Historical building in Lima, Peru

The Royal College of the University of San Marcos (Colegio Real de la Universidad Nacional Mayor de San Marcos, CRSM), also known by its former name of Royal College of San Felipe (Colegio Real San Felipe), is a historic building in the Barrios Altos neighbourhood of Lima, Peru. It's one of two cultural centres operated by the University of San Marcos.
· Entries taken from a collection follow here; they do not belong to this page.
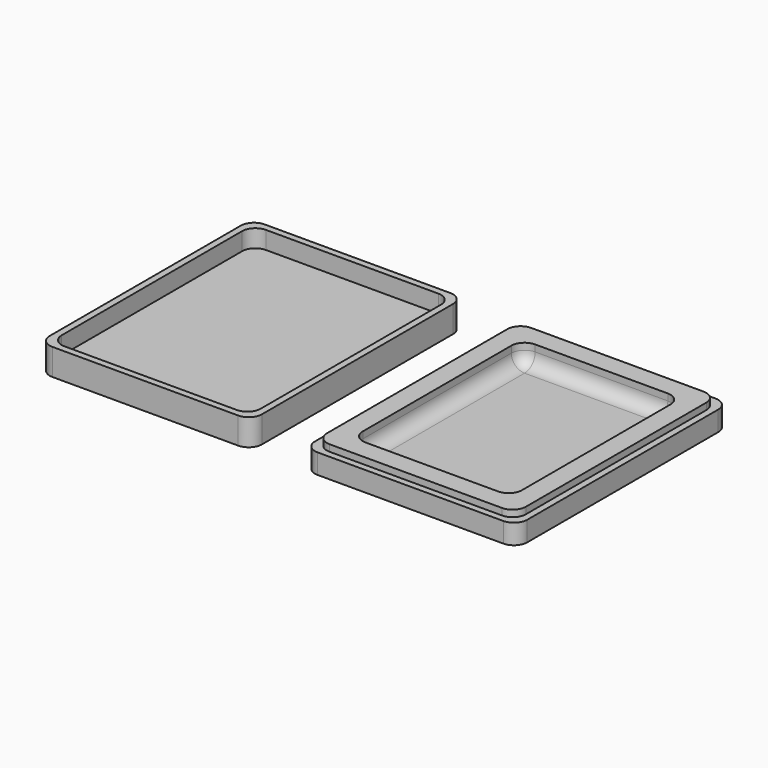
from build123d import *

# Parameters (mm, degrees)
F2_W     = 101.6
F2_H     = 127
F2_W_2   = 95.25
F2_H_2   = 120.65
F3_DEPTH = 9.525
F2_W_3   = 76.2
F2_H_3   = 101.6
F4_DEPTH = 3.175
F5_DEPTH = 12.7
F7_DEPTH = 4.2333333333
F8_DEPTH = 12.7
F10_R    = 6.35
F11_R    = 6.35


# Not quite as in the source:
# - a variable given as a bare number and used for a length is read in inches; the dataset says mm whatever the document's units were


with BuildPart() as f3:
    # F2 (on Top) → F3 (new body)
    with BuildSketch(Plane.XY):
        Rectangle(F2_W, F2_H)
        Rectangle(F2_W_2, F2_H_2, mode=Mode.SUBTRACT)
    extrude(amount=F3_DEPTH)



with BuildPart() as f4:
    # F2 (on Top) → F4 (new body)
    with BuildSketch(Plane.XY):
        Rectangle(F2_W_3, F2_H_3)
    extrude(amount=F4_DEPTH)


with BuildPart() as f3_1:
    add(f3.part)

    add(f4.part)  # F5 merges F4
    # F2 (on Top) → F5 (join)
    with BuildSketch(Plane.XY):
        Rectangle(F2_W_2, F2_H_2)
        Rectangle(F2_W_3, F2_H_3, mode=Mode.SUBTRACT)
    extrude(amount=F5_DEPTH)


with BuildPart() as f3_2:
    # F6: moved
    add(f3_1.part.moved(Location((127, 0, 0))))

    # F10
    f10_edges = [f3_2.edges().sort_by_distance(p)[0] for p in [
        (177.8, -63.5, 4.7625),
        (174.625, -60.325, 11.1125),
        (165.1, -50.8, 7.9375),
        (76.2, -63.5, 4.7625),
        (79.375, -60.325, 11.1125),
        (88.9, -50.8, 7.9375),
        (76.2, 63.5, 4.7625),
        (79.375, 60.325, 11.1125),
        (88.9, 50.8, 7.9375),
        (177.8, 63.5, 4.7625),
        (174.625, 60.325, 11.1125),
        (165.1, 50.8, 7.9375),
        (127, 50.8, 3.175),
        (165.1, 0, 3.175),
        (88.9, 0, 3.175),
        (127, -50.8, 3.175),
    ]]
    fillet(f10_edges, radius=F10_R)


with BuildPart() as f7:
    # F2 (on Top) → F7 (new body)
    with BuildSketch(Plane.XY):
        Rectangle(F2_W_2, F2_H_2)
        Rectangle(F2_W_3, F2_H_3, mode=Mode.SUBTRACT)
        Rectangle(F2_W_3, F2_H_3)
    extrude(amount=F7_DEPTH)

    # F2 (on Top) → F8 (join)
    with BuildSketch(Plane.XY):
        Rectangle(F2_W, F2_H)
        Rectangle(F2_W_2, F2_H_2, mode=Mode.SUBTRACT)
    extrude(amount=F8_DEPTH)

    # F11
    f11_edges = [f7.edges().sort_by_distance(p)[0] for p in [
        (50.8, 63.5, 6.35),
        (47.625, 60.325, 8.466667),
        (-50.8, 63.5, 6.35),
        (-47.625, 60.325, 8.466667),
        (-50.8, -63.5, 6.35),
        (-47.625, -60.325, 8.466667),
        (47.625, -60.325, 8.466667),
        (50.8, -63.5, 6.35),
    ]]
    fillet(f11_edges, radius=F11_R)


solid = Compound([f3_2.part, f7.part])
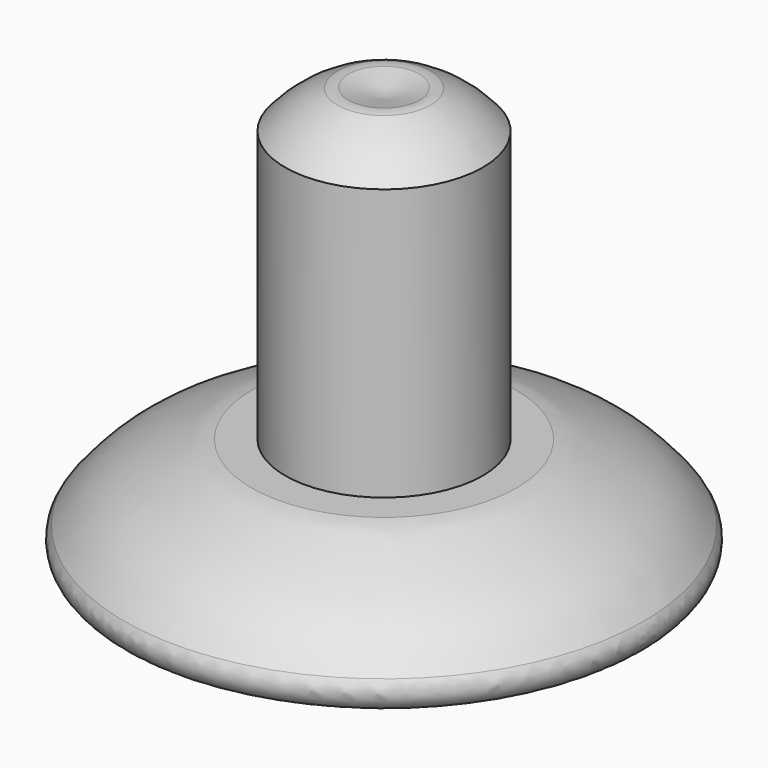
from build123d import *

# Parameters (mm, degrees)
F3_R = 0.762


# Not quite as in the source:
# - a feature names something its author has since deleted; it is built from what else it names


with BuildPart() as f2:
    # F0 (on Front) → F2 (revolve)
    with BuildSketch(Plane.XZ):
        with BuildLine():
            Line((3.8862, 1.0368246978), (3.8862, 11.7048246978))
            ThreePointArc((3.8862, 11.7048246978), (2.8543707216, 12.645076528), (1.6046219265, 13.2670677765))
            Line((1.6046219265, 13.2670677765), (0, 12.9230134189))
            Line((0, 12.9230134189), (0, -0.635))
            add(Edge.make_bspline(
                [(6.0325, -3.175), (4.927107133, -1.9561804365), (4.0449600812, -1.3553717475), (1.9983640724, -0.7115763161), (0.9248232606, -0.5421136513), (0, -0.635)],
                knots=[0, 0, 0, 0, 0.3804425123, 0.6767184943, 1, 1, 1, 1], degree=3))
            Line((6.0325, -3.175), (11.1125, -3.175))
            add(Edge.make_bspline(
                [(5.207, 1.0368246978), (5.7984997261, 0.975644811), (6.74291899, 0.5105425669), (9.2830121982, -0.5417734643), (10.4753485066, -2.2706511595), (11.1125, -3.175)],
                knots=[0, 0, 0, 0, 0.2725407329, 0.6170084006, 1, 1, 1, 1], degree=3))
            Line((5.207, 1.0368246978), (3.8862, 1.0368246978))
        make_face()
    revolve(axis=Axis((0, 0, 1.4091059566), (0, 0, -1)))

    # F3
    f3_edges = [f2.edges().sort_by_distance(p)[0] for p in [
        (-1.604622, 0, 13.267068),
        (-6.0325, 0, -3.175),
        (-11.1125, 0, -3.175),
    ]]
    fillet(f3_edges, radius=F3_R)


solid = f2.part

The premises of the Royal College date back to the colonial period, and are located next to the Congress of Peru. It is made up of three departments of the university: The Institute of Applied Linguistics "CILA", the "Domingo Angulo" Historical Archive, and the Andean Rural History Seminar. Exhibitions and displays are held regularly, which mainly take place in the exhibition hall of the building.

==History==
The Royal College of San Felipe and San Marcos was inaugurated on June 28, 1592, by Viceroy García Hurtado de Mendoza, 5th Marquis of Cañete. After the expulsion of the Jesuits in 1767, the building was used as a military barracks from 1781 to the early republican era. In 1860, it became the School of Arts and Crafts (Escuela de Artes y Oficios), and in 1960, under the rectorship of Luis Alberto Sánchez, it became property of the university. It was declared part of the Cultural heritage of Peru in 1972. The School of Arts and Crafts later moved to Grau Avenue.